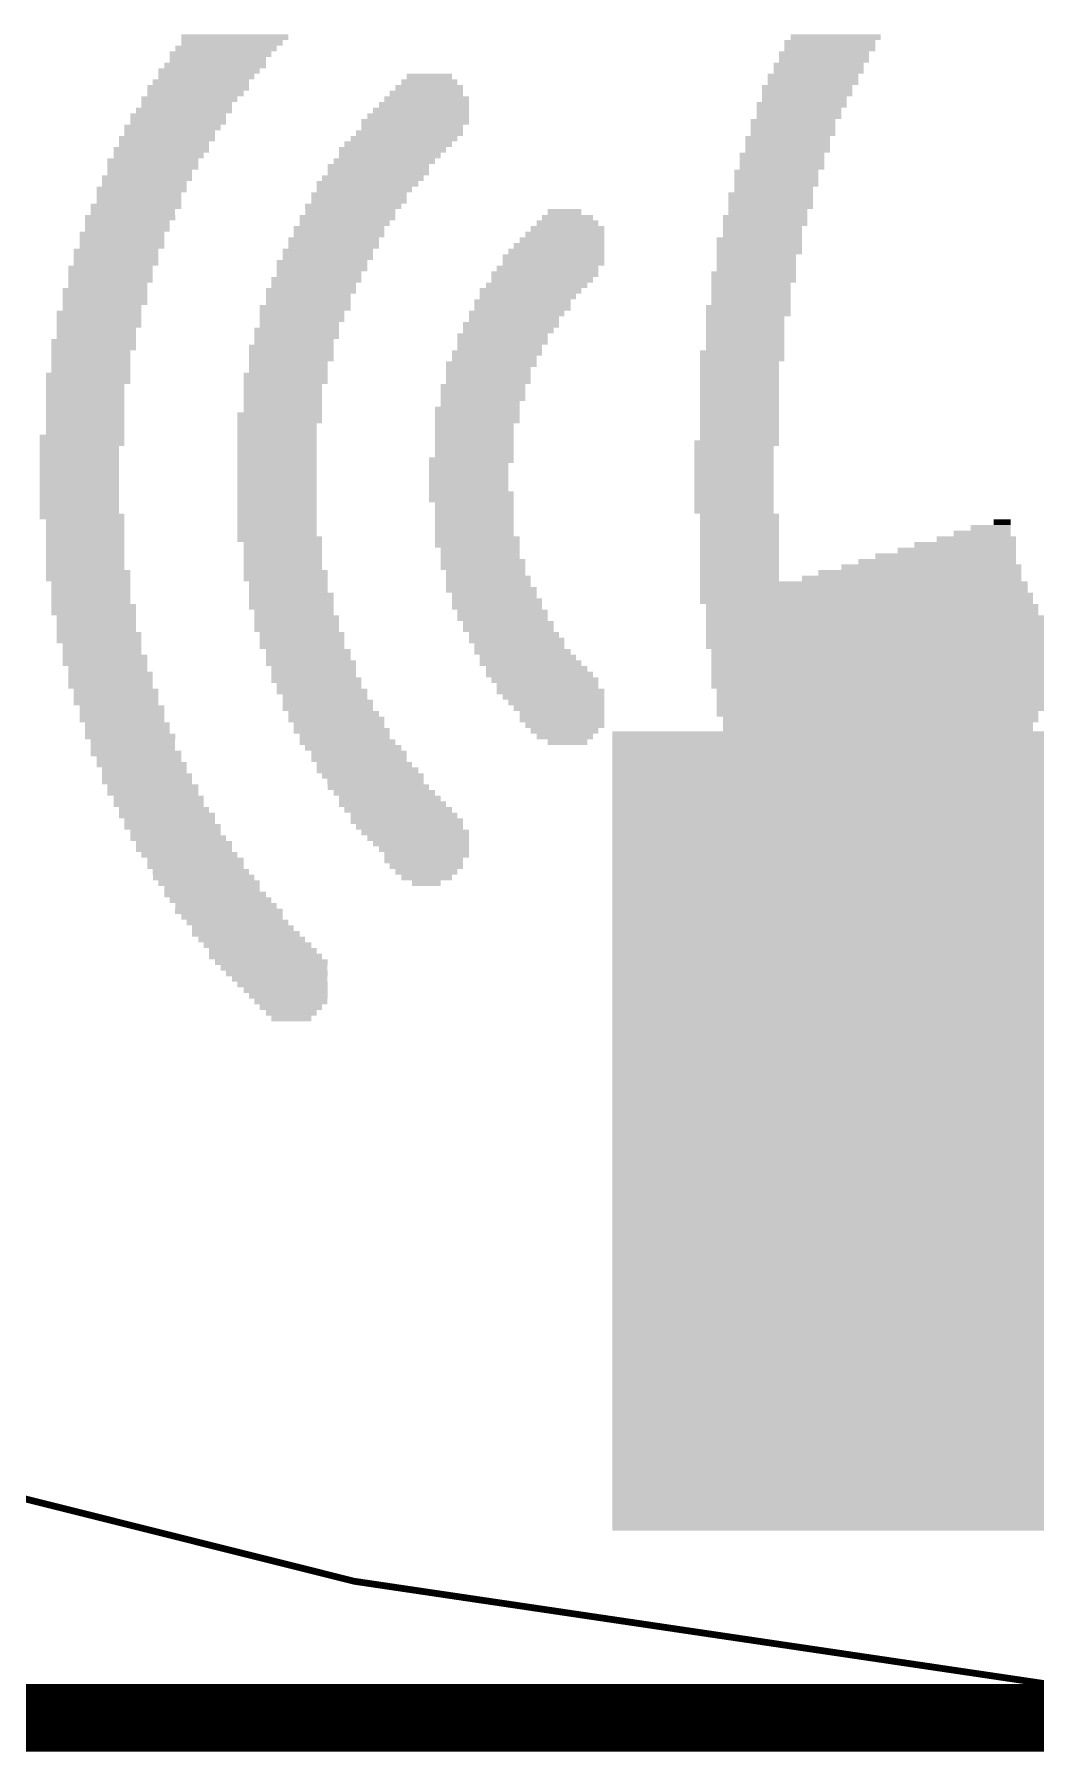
# Model space of a CAD drawing. Extents: x -26.8 to 26.8, y -26.8 to 26.8.
# Drawn here: x -6.4 to -2.65, y -26.8 to -20.35 of the extents above; entities that cross this region are included whole.
import ezdxf

# ---------------------------------------------------------------- set-up
doc = ezdxf.new("R2010")
doc.units = 0
for name, color, linetype in [('1', 12, 'CONTINUOUS'), ('16', 5, 'CONTINUOUS'), ('20', 53, 'CONTINUOUS'), ('201', 6, 'CONTINUOUS')]:
    doc.layers.add(name, color=color, linetype=linetype)

# ---------------------------------------------------------------- blocks, each defined once
blk = doc.blocks.new('RECT')
blk.add_solid([(-0.5, -0.5), (0.5, -0.5), (-0.5, 0.5), (0.5, 0.5)])

msp = doc.modelspace()

# ---------------------------------------------------------------- linework, layer by layer
at = {"layer": '1', "const_width": 0.2032}
msp.add_lwpolyline([(-26.67, -26.67), (26.67, -26.67)], dxfattribs=at)
at = {"layer": '16', "const_width": 0.254}
msp.add_lwpolyline([(-26.67, -26.67), (26.67, -26.67)], dxfattribs=at)
at = {"layer": '20', "const_width": 0.0254}
msp.add_lwpolyline([(0, -26.67, 1), (0, 26.67, 1), (0, -26.67)], format="xyb", dxfattribs=at)

# ---------------------------------------------------------------- block references
at = {"layer": '1', "xscale": 3, "yscale": 2.1, "rotation": 90}
msp.add_blockref('RECT', (-3.185, -24.467), dxfattribs=at)
at = {"layer": '201', "rotation": 180}
for p, xscale, yscale in [((-5.6515, -20.3623), 0.4013, 0.0211), ((-3.3973, -20.3623), 0.3378, 0.0211), ((-5.7048, -20.4258), 0.381, 0.0211), ((-5.6845, -20.4047), 0.381, 0.0211), ((-5.6617, -20.3835), 0.381, 0.0213), ((-3.4404, -20.4258), 0.3378, 0.0211), ((-3.4188, -20.3835), 0.3404, 0.0213), ((-3.4188, -20.4047), 0.3404, 0.0211), ((-5.748, -20.4893), 0.381, 0.0211), ((-5.7252, -20.4682), 0.381, 0.0211), ((-5.715, -20.447), 0.3607, 0.0213), ((-3.4607, -20.4682), 0.3378, 0.0211), ((-3.4607, -20.4893), 0.3378, 0.0211), ((-3.4404, -20.447), 0.3378, 0.0213), ((-5.7887, -20.5528), 0.381, 0.0211), ((-5.7785, -20.5317), 0.3607, 0.0211), ((-5.7582, -20.5105), 0.3607, 0.0213), ((-4.9225, -20.5528), 0.254, 0.0211), ((-4.9213, -20.5317), 0.2108, 0.0211), ((-4.9213, -20.5105), 0.1702, 0.0213), ((-3.5039, -20.5528), 0.3378, 0.0211), ((-3.4823, -20.5105), 0.3404, 0.0213), ((-3.4823, -20.5317), 0.3404, 0.0211), ((-5.8217, -20.5952), 0.3607, 0.0211), ((-5.8318, -20.6163), 0.3404, 0.0211), ((-5.7988, -20.574), 0.3607, 0.0213), ((-4.9416, -20.6163), 0.3378, 0.0211), ((-4.9314, -20.5952), 0.3175, 0.0211), ((-4.9327, -20.574), 0.2743, 0.0213), ((-3.5243, -20.6163), 0.3378, 0.0211), ((-3.5039, -20.574), 0.3378, 0.0213), ((-3.5141, -20.5952), 0.3175, 0.0211), ((-5.8636, -20.6587), 0.3581, 0.0211), ((-5.8636, -20.6798), 0.3581, 0.0211), ((-5.842, -20.6375), 0.3607, 0.0213), ((-4.9746, -20.6798), 0.4039, 0.0211), ((-4.9632, -20.6587), 0.381, 0.0211), ((-4.953, -20.6375), 0.3607, 0.0213), ((-3.5573, -20.6798), 0.3175, 0.0211), ((-3.5344, -20.6375), 0.3175, 0.0213), ((-3.5344, -20.6587), 0.3175, 0.0211), ((-5.9055, -20.7433), 0.3607, 0.0211), ((-5.8852, -20.701), 0.3607, 0.0213), ((-5.8953, -20.7222), 0.3404, 0.0211), ((-5.0165, -20.7433), 0.4013, 0.0211), ((-4.9962, -20.7222), 0.4013, 0.0211), ((-4.986, -20.701), 0.381, 0.0213), ((-3.5776, -20.7433), 0.3175, 0.0211), ((-3.5573, -20.701), 0.3175, 0.0213), ((-3.5573, -20.7222), 0.3175, 0.0211), ((-5.9588, -20.828), 0.3404, 0.0213), ((-5.9271, -20.7857), 0.3581, 0.0211), ((-5.9373, -20.8068), 0.3378, 0.0211), ((-5.9169, -20.7645), 0.3378, 0.0213), ((-5.0902, -20.828), 0.381, 0.0213), ((-5.0597, -20.7857), 0.4013, 0.0211), ((-5.0698, -20.8068), 0.381, 0.0211), ((-5.0381, -20.7645), 0.4039, 0.0213), ((-3.5979, -20.8068), 0.3175, 0.0211), ((-3.5979, -20.828), 0.3175, 0.0213), ((-3.5776, -20.7645), 0.3175, 0.0213), ((-3.5776, -20.7857), 0.3175, 0.0211), ((-5.9804, -20.8915), 0.3378, 0.0213), ((-5.9703, -20.8703), 0.3175, 0.0211), ((-5.9588, -20.8492), 0.3404, 0.0211), ((-5.1333, -20.8915), 0.381, 0.0213), ((-5.113, -20.8492), 0.381, 0.0211), ((-5.113, -20.8703), 0.381, 0.0211), ((-3.6195, -20.8703), 0.315, 0.0211), ((-3.6195, -20.8915), 0.315, 0.0213), ((-3.5979, -20.8492), 0.3175, 0.0211), ((-6.0008, -20.9338), 0.3378, 0.0211), ((-6.0109, -20.955), 0.3175, 0.0213), ((-5.9906, -20.9127), 0.3175, 0.0211), ((-5.1854, -20.955), 0.3581, 0.0213), ((-5.1537, -20.9127), 0.381, 0.0211), ((-5.1651, -20.9338), 0.3581, 0.0211), ((-3.6411, -20.955), 0.3175, 0.0213), ((-3.6195, -20.9127), 0.315, 0.0211), ((-3.6297, -20.9338), 0.2946, 0.0211), ((-6.0338, -21.0185), 0.3175, 0.0213), ((-6.0223, -20.9973), 0.3404, 0.0211), ((-6.0109, -20.9762), 0.3175, 0.0211), ((-5.207, -20.9973), 0.3607, 0.0211), ((-5.2184, -21.0185), 0.3378, 0.0213), ((-5.1854, -20.9762), 0.3581, 0.0211), ((-4.4145, -21.0185), 0.127, 0.0213), ((-3.6513, -21.0185), 0.2972, 0.0213), ((-3.6411, -20.9762), 0.3175, 0.0211), ((-3.6411, -20.9973), 0.3175, 0.0211), ((-6.0541, -21.0608), 0.3175, 0.0211), ((-6.0541, -21.082), 0.3175, 0.0213), ((-6.0439, -21.0397), 0.3378, 0.0211), ((-5.2603, -21.082), 0.3404, 0.0213), ((-5.2286, -21.0397), 0.3581, 0.0211), ((-5.2388, -21.0608), 0.3378, 0.0211), ((-4.4031, -21.082), 0.2769, 0.0213), ((-4.4031, -21.0608), 0.2311, 0.0211), ((-4.4031, -21.0397), 0.1905, 0.0211), ((-3.6716, -21.082), 0.2972, 0.0213), ((-3.6614, -21.0397), 0.3175, 0.0211), ((-3.6614, -21.0608), 0.3175, 0.0211), ((-6.0744, -21.1032), 0.3175, 0.0211), ((-6.0744, -21.1243), 0.3175, 0.0211), ((-6.0744, -21.1455), 0.3175, 0.0213), ((-5.2807, -21.1243), 0.3404, 0.0211), ((-5.2807, -21.1455), 0.3404, 0.0213), ((-5.2603, -21.1032), 0.3404, 0.0211), ((-4.4348, -21.1455), 0.3404, 0.0213), ((-4.4234, -21.1243), 0.3175, 0.0211), ((-4.4133, -21.1032), 0.2972, 0.0211), ((-3.683, -21.1243), 0.32, 0.0211), ((-3.683, -21.1455), 0.32, 0.0213), ((-3.6716, -21.1032), 0.2972, 0.0211), ((-6.0973, -21.1667), 0.3175, 0.0211), ((-6.0973, -21.1878), 0.3175, 0.0211), ((-6.0973, -21.209), 0.3175, 0.0213), ((-5.3238, -21.209), 0.3404, 0.0213), ((-5.3022, -21.1667), 0.3378, 0.0211), ((-5.3022, -21.1878), 0.3378, 0.0211), ((-4.4552, -21.1878), 0.381, 0.0211), ((-4.4552, -21.209), 0.381, 0.0213), ((-4.445, -21.1667), 0.3607, 0.0211), ((-3.683, -21.1667), 0.32, 0.0211), ((-3.6944, -21.1878), 0.2972, 0.0211), ((-3.6944, -21.209), 0.2972, 0.0213), ((-6.1176, -21.2302), 0.3175, 0.0211), ((-6.1176, -21.2513), 0.3175, 0.0211), ((-6.1176, -21.2725), 0.3175, 0.0213), ((-5.3454, -21.2725), 0.3378, 0.0213), ((-5.3353, -21.2513), 0.3175, 0.0211), ((-5.3238, -21.2302), 0.3404, 0.0211), ((-4.4882, -21.2513), 0.4013, 0.0211), ((-4.4983, -21.2725), 0.381, 0.0213), ((-4.478, -21.2302), 0.381, 0.0211), ((-3.7046, -21.2513), 0.3175, 0.0211), ((-3.7046, -21.2725), 0.3175, 0.0213), ((-3.6944, -21.2302), 0.2972, 0.0211), ((-6.1379, -21.3148), 0.3175, 0.0211), ((-6.1379, -21.336), 0.3175, 0.0213), ((-6.1278, -21.2937), 0.2972, 0.0211), ((-5.3658, -21.3148), 0.3378, 0.0211), ((-5.3759, -21.336), 0.3175, 0.0213), ((-5.3556, -21.2937), 0.3175, 0.0211), ((-4.5517, -21.336), 0.3607, 0.0213), ((-4.5415, -21.3148), 0.381, 0.0211), ((-4.5187, -21.2937), 0.381, 0.0211), ((-3.7147, -21.2937), 0.2972, 0.0211), ((-3.7147, -21.3148), 0.2972, 0.0211), ((-3.7147, -21.336), 0.2972, 0.0213), ((-6.1608, -21.3995), 0.3175, 0.0213), ((-6.1379, -21.3572), 0.3175, 0.0211), ((-6.1493, -21.3783), 0.2946, 0.0211), ((-5.3873, -21.3783), 0.3404, 0.0211), ((-5.3988, -21.3995), 0.3175, 0.0213), ((-5.3759, -21.3572), 0.3175, 0.0211), ((-4.5936, -21.3995), 0.3581, 0.0213), ((-4.572, -21.3572), 0.3607, 0.0211), ((-4.572, -21.3783), 0.3607, 0.0211), ((-3.7249, -21.3783), 0.3175, 0.0211), ((-3.7249, -21.3995), 0.3175, 0.0213), ((-3.7147, -21.3572), 0.2972, 0.0211), ((-6.1608, -21.4207), 0.3175, 0.0211), ((-6.1608, -21.4418), 0.3175, 0.0211), ((-6.1709, -21.463), 0.2972, 0.0213), ((-5.4191, -21.463), 0.3175, 0.0213), ((-5.3988, -21.4207), 0.3175, 0.0211), ((-5.4089, -21.4418), 0.2972, 0.0211), ((-4.6152, -21.4418), 0.3607, 0.0211), ((-4.6253, -21.463), 0.3404, 0.0213), ((-4.6037, -21.4207), 0.3378, 0.0211), ((-3.7363, -21.4207), 0.2946, 0.0211), ((-3.7363, -21.4418), 0.2946, 0.0211), ((-3.7363, -21.463), 0.2946, 0.0213), ((-6.1811, -21.5053), 0.3175, 0.0211), ((-6.1811, -21.5265), 0.3175, 0.0213), ((-6.1709, -21.4842), 0.2972, 0.0211), ((-5.4394, -21.5265), 0.3175, 0.0213), ((-5.4191, -21.4842), 0.3175, 0.0211), ((-5.4293, -21.5053), 0.2972, 0.0211), ((-4.6571, -21.5265), 0.3175, 0.0213), ((-4.6469, -21.4842), 0.3378, 0.0211), ((-4.6469, -21.5053), 0.3378, 0.0211), ((-3.7363, -21.4842), 0.2946, 0.0211), ((-3.7363, -21.5053), 0.2946, 0.0211), ((-3.7363, -21.5265), 0.2946, 0.0213), ((-6.1913, -21.5477), 0.2972, 0.0211), ((-6.1913, -21.5688), 0.2972, 0.0211), ((-6.1913, -21.59), 0.2972, 0.0213), ((-5.4394, -21.5477), 0.3175, 0.0211), ((-5.4394, -21.5688), 0.3175, 0.0211), ((-5.4508, -21.59), 0.2946, 0.0213), ((-4.6888, -21.59), 0.3404, 0.0213), ((-4.6673, -21.5477), 0.3378, 0.0211), ((-4.6774, -21.5688), 0.3175, 0.0211), ((-3.7478, -21.5477), 0.3175, 0.0211), ((-3.7478, -21.5688), 0.3175, 0.0211), ((-3.7579, -21.59), 0.2972, 0.0213), ((-6.2014, -21.6323), 0.3175, 0.0211), ((-6.2014, -21.6535), 0.3175, 0.0213), ((-6.1913, -21.6112), 0.2972, 0.0211), ((-5.461, -21.6323), 0.315, 0.0211), ((-5.461, -21.6535), 0.315, 0.0213), ((-5.4508, -21.6112), 0.2946, 0.0211), ((-4.7003, -21.6112), 0.3175, 0.0211), ((-4.7003, -21.6323), 0.3175, 0.0211), ((-4.7003, -21.6535), 0.3175, 0.0213), ((-3.7579, -21.6112), 0.2972, 0.0211), ((-3.7579, -21.6323), 0.2972, 0.0211), ((-3.7579, -21.6535), 0.2972, 0.0213), ((-6.2128, -21.6747), 0.2946, 0.0211), ((-6.2128, -21.6958), 0.2946, 0.0211), ((-6.2128, -21.717), 0.2946, 0.0213), ((-5.4712, -21.6747), 0.2946, 0.0211), ((-5.4712, -21.6958), 0.2946, 0.0211), ((-5.4712, -21.717), 0.2946, 0.0213), ((-4.7206, -21.6747), 0.3175, 0.0211), ((-4.7206, -21.6958), 0.3175, 0.0211), ((-4.7206, -21.717), 0.3175, 0.0213), ((-3.7579, -21.6747), 0.2972, 0.0211), ((-3.7579, -21.6958), 0.2972, 0.0211), ((-3.7579, -21.717), 0.2972, 0.0213), ((-6.2128, -21.7382), 0.2946, 0.0211), ((-6.2128, -21.7593), 0.2946, 0.0211), ((-6.2128, -21.7805), 0.2946, 0.0213), ((-5.4826, -21.7805), 0.3175, 0.0213), ((-5.4712, -21.7382), 0.2946, 0.0211), ((-5.4712, -21.7593), 0.2946, 0.0211), ((-4.7409, -21.7593), 0.3175, 0.0211), ((-4.7409, -21.7805), 0.3175, 0.0213), ((-4.7308, -21.7382), 0.2972, 0.0211), ((-3.7579, -21.7382), 0.2972, 0.0211), ((-3.7579, -21.7593), 0.2972, 0.0211), ((-3.7579, -21.7805), 0.2972, 0.0213), ((-6.2128, -21.8017), 0.2946, 0.0211), ((-6.2128, -21.8228), 0.2946, 0.0211), ((-6.2128, -21.844), 0.2946, 0.0213), ((-5.4826, -21.8017), 0.3175, 0.0211), ((-5.4928, -21.8228), 0.2972, 0.0211), ((-5.4928, -21.844), 0.2972, 0.0213), ((-4.7409, -21.8017), 0.3175, 0.0211), ((-4.7523, -21.8228), 0.2946, 0.0211), ((-4.7523, -21.844), 0.2946, 0.0213), ((-3.7579, -21.8017), 0.2972, 0.0211), ((-3.7579, -21.8228), 0.2972, 0.0211), ((-3.7579, -21.844), 0.2972, 0.0213), ((-6.2243, -21.8652), 0.3175, 0.0211), ((-6.2243, -21.8863), 0.3175, 0.0211), ((-6.2344, -21.9075), 0.2972, 0.0213), ((-5.4928, -21.8652), 0.2972, 0.0211), ((-5.4928, -21.8863), 0.2972, 0.0211), ((-5.4928, -21.9075), 0.2972, 0.0213), ((-4.7523, -21.8652), 0.2946, 0.0211), ((-4.7523, -21.8863), 0.2946, 0.0211), ((-4.7523, -21.9075), 0.2946, 0.0213), ((-3.7783, -21.9075), 0.2972, 0.0213), ((-3.7681, -21.8863), 0.3175, 0.0211), ((-3.7579, -21.8652), 0.2972, 0.0211), ((-6.2344, -21.9287), 0.2972, 0.0211), ((-6.2344, -21.9498), 0.2972, 0.0211), ((-6.2344, -21.971), 0.2972, 0.0213), ((-5.4928, -21.9287), 0.2972, 0.0211), ((-5.4928, -21.9498), 0.2972, 0.0211), ((-5.4928, -21.971), 0.2972, 0.0213), ((-4.7638, -21.9498), 0.3175, 0.0211), ((-4.7739, -21.971), 0.2972, 0.0213), ((-4.7523, -21.9287), 0.2946, 0.0211), ((-3.7783, -21.9287), 0.2972, 0.0211), ((-3.7783, -21.9498), 0.2972, 0.0211), ((-3.7783, -21.971), 0.2972, 0.0213), ((-6.2344, -21.9922), 0.2972, 0.0211), ((-6.2344, -22.0133), 0.2972, 0.0211), ((-6.2344, -22.0345), 0.2972, 0.0213), ((-5.4928, -21.9922), 0.2972, 0.0211), ((-5.4928, -22.0133), 0.2972, 0.0211), ((-5.4928, -22.0345), 0.2972, 0.0213), ((-4.7739, -21.9922), 0.2972, 0.0211), ((-4.7739, -22.0133), 0.2972, 0.0211), ((-4.7739, -22.0345), 0.2972, 0.0213), ((-3.7783, -21.9922), 0.2972, 0.0211), ((-3.7783, -22.0133), 0.2972, 0.0211), ((-3.7783, -22.0345), 0.2972, 0.0213), ((-6.2344, -22.0557), 0.2972, 0.0211), ((-6.2344, -22.0768), 0.2972, 0.0211), ((-6.2344, -22.098), 0.2972, 0.0213), ((-5.4928, -22.0557), 0.2972, 0.0211), ((-5.4928, -22.0768), 0.2972, 0.0211), ((-5.4928, -22.098), 0.2972, 0.0213), ((-4.7638, -22.0768), 0.3175, 0.0211), ((-4.7638, -22.098), 0.3175, 0.0213), ((-4.7739, -22.0557), 0.2972, 0.0211), ((-3.7783, -22.0557), 0.2972, 0.0211), ((-3.7783, -22.0768), 0.2972, 0.0211), ((-3.7783, -22.098), 0.2972, 0.0213), ((-6.2243, -22.1615), 0.3175, 0.0213), ((-6.2344, -22.1192), 0.2972, 0.0211), ((-6.2344, -22.1403), 0.2972, 0.0211), ((-5.4928, -22.1192), 0.2972, 0.0211), ((-5.4928, -22.1403), 0.2972, 0.0211), ((-5.4928, -22.1615), 0.2972, 0.0213), ((-4.7523, -22.1192), 0.2946, 0.0211), ((-4.7523, -22.1403), 0.2946, 0.0211), ((-4.7523, -22.1615), 0.2946, 0.0213), ((-3.7783, -22.1192), 0.2972, 0.0211), ((-3.7783, -22.1403), 0.2972, 0.0211), ((-3.7579, -22.1615), 0.2972, 0.0213), ((-6.2128, -22.1827), 0.2946, 0.0211), ((-6.2128, -22.2038), 0.2946, 0.0211), ((-6.2128, -22.225), 0.2946, 0.0213), ((-6.2128, -22.2462), 0.2946, 0.0211), ((-5.4928, -22.1827), 0.2972, 0.0211), ((-5.4928, -22.2038), 0.2972, 0.0211), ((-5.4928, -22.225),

□ □ □ □ □ □ □

**What you are asked to do:** Show, from the entries above, every line that includes the string "linetype".

**Exercise result:**
for name, color, linetype in [('1', 12, 'CONTINUOUS'), ('16', 5, 'CONTINUOUS'), ('20', 53, 'CONTINUOUS'), ('201', 6, 'CONTINUOUS')]:
    doc.layers.add(name, color=color, linetype=linetype)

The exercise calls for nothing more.